TASK BRIEF ▸
Answer with the exact lines of the following material from the one containing "234.8 18.16 90 top" through the one containing "271.8 150.16 90 top", both end lines included.
::: DATA :::
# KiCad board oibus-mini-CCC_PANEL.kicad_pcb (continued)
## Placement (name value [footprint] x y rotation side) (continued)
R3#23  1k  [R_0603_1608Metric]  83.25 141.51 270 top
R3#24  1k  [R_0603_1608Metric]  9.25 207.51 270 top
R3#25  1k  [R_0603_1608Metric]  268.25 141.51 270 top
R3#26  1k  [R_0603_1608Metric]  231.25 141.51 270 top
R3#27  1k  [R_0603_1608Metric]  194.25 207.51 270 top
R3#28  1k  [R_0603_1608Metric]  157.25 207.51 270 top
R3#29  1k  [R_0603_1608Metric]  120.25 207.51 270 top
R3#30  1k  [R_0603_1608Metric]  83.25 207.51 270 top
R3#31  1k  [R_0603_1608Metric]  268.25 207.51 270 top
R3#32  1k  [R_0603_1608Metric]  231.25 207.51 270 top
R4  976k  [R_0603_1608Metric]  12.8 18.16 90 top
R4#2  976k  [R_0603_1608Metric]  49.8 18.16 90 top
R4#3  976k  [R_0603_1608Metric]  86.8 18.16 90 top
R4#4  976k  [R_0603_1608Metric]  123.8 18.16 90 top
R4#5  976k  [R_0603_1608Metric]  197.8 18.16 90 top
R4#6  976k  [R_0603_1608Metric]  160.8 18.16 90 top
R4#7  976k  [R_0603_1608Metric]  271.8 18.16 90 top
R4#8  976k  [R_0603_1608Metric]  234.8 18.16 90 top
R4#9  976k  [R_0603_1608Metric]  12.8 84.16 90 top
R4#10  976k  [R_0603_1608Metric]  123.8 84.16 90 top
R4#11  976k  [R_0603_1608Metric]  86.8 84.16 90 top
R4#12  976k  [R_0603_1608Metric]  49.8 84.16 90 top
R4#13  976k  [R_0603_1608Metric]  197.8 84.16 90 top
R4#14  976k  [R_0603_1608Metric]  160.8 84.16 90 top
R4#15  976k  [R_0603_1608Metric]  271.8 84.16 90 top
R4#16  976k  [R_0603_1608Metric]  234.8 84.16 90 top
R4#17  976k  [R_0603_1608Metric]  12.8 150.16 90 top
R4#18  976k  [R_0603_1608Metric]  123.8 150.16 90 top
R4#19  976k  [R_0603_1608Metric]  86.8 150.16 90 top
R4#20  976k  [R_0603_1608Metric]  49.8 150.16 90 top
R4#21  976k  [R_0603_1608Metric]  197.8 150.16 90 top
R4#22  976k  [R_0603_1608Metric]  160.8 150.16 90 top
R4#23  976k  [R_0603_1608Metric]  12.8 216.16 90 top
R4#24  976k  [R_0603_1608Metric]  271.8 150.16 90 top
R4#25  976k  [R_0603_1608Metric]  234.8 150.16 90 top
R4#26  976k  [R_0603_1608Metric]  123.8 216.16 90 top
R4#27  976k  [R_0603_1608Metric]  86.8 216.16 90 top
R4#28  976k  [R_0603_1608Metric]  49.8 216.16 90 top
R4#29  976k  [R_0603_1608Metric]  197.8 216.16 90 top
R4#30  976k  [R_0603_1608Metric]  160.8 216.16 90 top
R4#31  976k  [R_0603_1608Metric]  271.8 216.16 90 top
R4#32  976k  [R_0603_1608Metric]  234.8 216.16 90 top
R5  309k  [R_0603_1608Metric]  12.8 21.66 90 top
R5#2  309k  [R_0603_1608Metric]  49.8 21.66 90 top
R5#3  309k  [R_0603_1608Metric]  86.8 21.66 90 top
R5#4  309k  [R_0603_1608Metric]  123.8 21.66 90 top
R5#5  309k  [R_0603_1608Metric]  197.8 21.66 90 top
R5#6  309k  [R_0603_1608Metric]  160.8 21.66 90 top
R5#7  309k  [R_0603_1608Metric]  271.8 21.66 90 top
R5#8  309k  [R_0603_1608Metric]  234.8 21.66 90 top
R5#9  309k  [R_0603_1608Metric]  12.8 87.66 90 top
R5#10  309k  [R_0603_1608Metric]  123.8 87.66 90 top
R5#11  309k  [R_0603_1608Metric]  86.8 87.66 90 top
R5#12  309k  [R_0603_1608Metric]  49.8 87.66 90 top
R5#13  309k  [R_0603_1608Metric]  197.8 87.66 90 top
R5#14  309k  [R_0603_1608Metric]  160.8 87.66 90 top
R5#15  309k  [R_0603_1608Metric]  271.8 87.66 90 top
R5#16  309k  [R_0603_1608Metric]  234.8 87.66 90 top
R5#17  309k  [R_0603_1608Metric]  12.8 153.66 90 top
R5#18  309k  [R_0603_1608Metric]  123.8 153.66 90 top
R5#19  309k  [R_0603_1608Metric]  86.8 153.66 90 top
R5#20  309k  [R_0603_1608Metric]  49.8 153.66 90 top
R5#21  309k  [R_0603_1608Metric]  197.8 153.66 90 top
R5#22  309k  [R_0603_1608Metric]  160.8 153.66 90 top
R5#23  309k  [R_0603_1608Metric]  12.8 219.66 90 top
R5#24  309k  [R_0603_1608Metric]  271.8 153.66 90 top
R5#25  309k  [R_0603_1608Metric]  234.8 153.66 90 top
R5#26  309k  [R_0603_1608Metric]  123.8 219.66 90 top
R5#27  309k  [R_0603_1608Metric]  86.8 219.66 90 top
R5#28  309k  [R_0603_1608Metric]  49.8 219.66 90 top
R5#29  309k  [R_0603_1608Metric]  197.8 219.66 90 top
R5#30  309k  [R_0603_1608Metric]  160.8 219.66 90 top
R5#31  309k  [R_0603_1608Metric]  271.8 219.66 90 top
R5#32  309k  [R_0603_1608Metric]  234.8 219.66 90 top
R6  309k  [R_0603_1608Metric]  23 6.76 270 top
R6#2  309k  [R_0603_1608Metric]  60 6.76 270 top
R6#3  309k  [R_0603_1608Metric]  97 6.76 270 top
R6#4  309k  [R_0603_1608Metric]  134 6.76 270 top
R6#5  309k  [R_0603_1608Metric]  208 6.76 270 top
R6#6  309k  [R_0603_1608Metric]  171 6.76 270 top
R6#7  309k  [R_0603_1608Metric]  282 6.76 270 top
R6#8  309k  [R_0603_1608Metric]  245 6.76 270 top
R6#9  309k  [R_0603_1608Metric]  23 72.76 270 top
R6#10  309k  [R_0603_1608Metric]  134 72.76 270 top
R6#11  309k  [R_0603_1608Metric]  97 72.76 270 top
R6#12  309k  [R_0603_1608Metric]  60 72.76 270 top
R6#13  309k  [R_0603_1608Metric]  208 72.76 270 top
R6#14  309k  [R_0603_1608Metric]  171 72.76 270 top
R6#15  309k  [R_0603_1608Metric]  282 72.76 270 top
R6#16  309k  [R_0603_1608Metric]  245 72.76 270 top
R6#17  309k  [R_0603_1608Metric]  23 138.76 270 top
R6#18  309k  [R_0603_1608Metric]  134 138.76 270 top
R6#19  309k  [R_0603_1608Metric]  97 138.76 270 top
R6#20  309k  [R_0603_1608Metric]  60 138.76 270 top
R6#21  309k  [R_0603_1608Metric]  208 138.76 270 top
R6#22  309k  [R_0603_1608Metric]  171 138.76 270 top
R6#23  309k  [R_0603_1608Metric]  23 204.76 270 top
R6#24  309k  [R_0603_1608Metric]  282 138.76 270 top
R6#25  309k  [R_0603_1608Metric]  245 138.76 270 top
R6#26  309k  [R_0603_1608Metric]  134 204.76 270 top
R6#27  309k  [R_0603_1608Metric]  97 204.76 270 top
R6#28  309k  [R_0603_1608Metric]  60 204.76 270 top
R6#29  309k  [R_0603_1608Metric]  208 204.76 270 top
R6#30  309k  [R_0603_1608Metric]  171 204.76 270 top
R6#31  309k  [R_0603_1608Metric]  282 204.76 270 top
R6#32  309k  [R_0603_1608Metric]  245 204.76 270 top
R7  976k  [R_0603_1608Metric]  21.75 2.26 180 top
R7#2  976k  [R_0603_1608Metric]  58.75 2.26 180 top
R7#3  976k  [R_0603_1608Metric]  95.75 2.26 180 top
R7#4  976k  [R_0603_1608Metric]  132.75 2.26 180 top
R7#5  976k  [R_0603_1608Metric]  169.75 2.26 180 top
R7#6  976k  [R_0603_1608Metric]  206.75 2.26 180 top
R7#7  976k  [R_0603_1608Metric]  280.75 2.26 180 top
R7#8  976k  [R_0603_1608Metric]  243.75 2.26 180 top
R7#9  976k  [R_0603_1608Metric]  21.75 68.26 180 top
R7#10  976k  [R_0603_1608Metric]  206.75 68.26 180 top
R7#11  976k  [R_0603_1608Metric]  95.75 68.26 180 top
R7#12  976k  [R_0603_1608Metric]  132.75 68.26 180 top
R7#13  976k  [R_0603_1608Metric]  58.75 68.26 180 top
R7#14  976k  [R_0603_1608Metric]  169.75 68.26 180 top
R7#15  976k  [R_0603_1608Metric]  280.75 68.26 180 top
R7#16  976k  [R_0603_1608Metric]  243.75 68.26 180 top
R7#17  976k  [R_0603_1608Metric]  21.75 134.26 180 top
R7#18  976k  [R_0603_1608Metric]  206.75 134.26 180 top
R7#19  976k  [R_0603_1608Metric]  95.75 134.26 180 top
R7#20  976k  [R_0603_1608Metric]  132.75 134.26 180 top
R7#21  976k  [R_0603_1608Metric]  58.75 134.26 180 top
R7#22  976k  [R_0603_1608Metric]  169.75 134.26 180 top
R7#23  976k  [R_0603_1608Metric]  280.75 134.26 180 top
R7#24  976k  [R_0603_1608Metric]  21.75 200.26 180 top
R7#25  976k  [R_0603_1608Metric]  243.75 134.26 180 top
:::
ANSWER FOR THIS EXERCISE ▸
R4#8  976k  [R_0603_1608Metric]  234.8 18.16 90 top
R4#9  976k  [R_0603_1608Metric]  12.8 84.16 90 top
R4#10  976k  [R_0603_1608Metric]  123.8 84.16 90 top
R4#11  976k  [R_0603_1608Metric]  86.8 84.16 90 top
R4#12  976k  [R_0603_1608Metric]  49.8 84.16 90 top
R4#13  976k  [R_0603_1608Metric]  197.8 84.16 90 top
R4#14  976k  [R_0603_1608Metric]  160.8 84.16 90 top
R4#15  976k  [R_0603_1608Metric]  271.8 84.16 90 top
R4#16  976k  [R_0603_1608Metric]  234.8 84.16 90 top
R4#17  976k  [R_0603_1608Metric]  12.8 150.16 90 top
R4#18  976k  [R_0603_1608Metric]  123.8 150.16 90 top
R4#19  976k  [R_0603_1608Metric]  86.8 150.16 90 top
R4#20  976k  [R_0603_1608Metric]  49.8 150.16 90 top
R4#21  976k  [R_0603_1608Metric]  197.8 150.16 90 top
R4#22  976k  [R_0603_1608Metric]  160.8 150.16 90 top
R4#23  976k  [R_0603_1608Metric]  12.8 216.16 90 top
R4#24  976k  [R_0603_1608Metric]  271.8 150.16 90 top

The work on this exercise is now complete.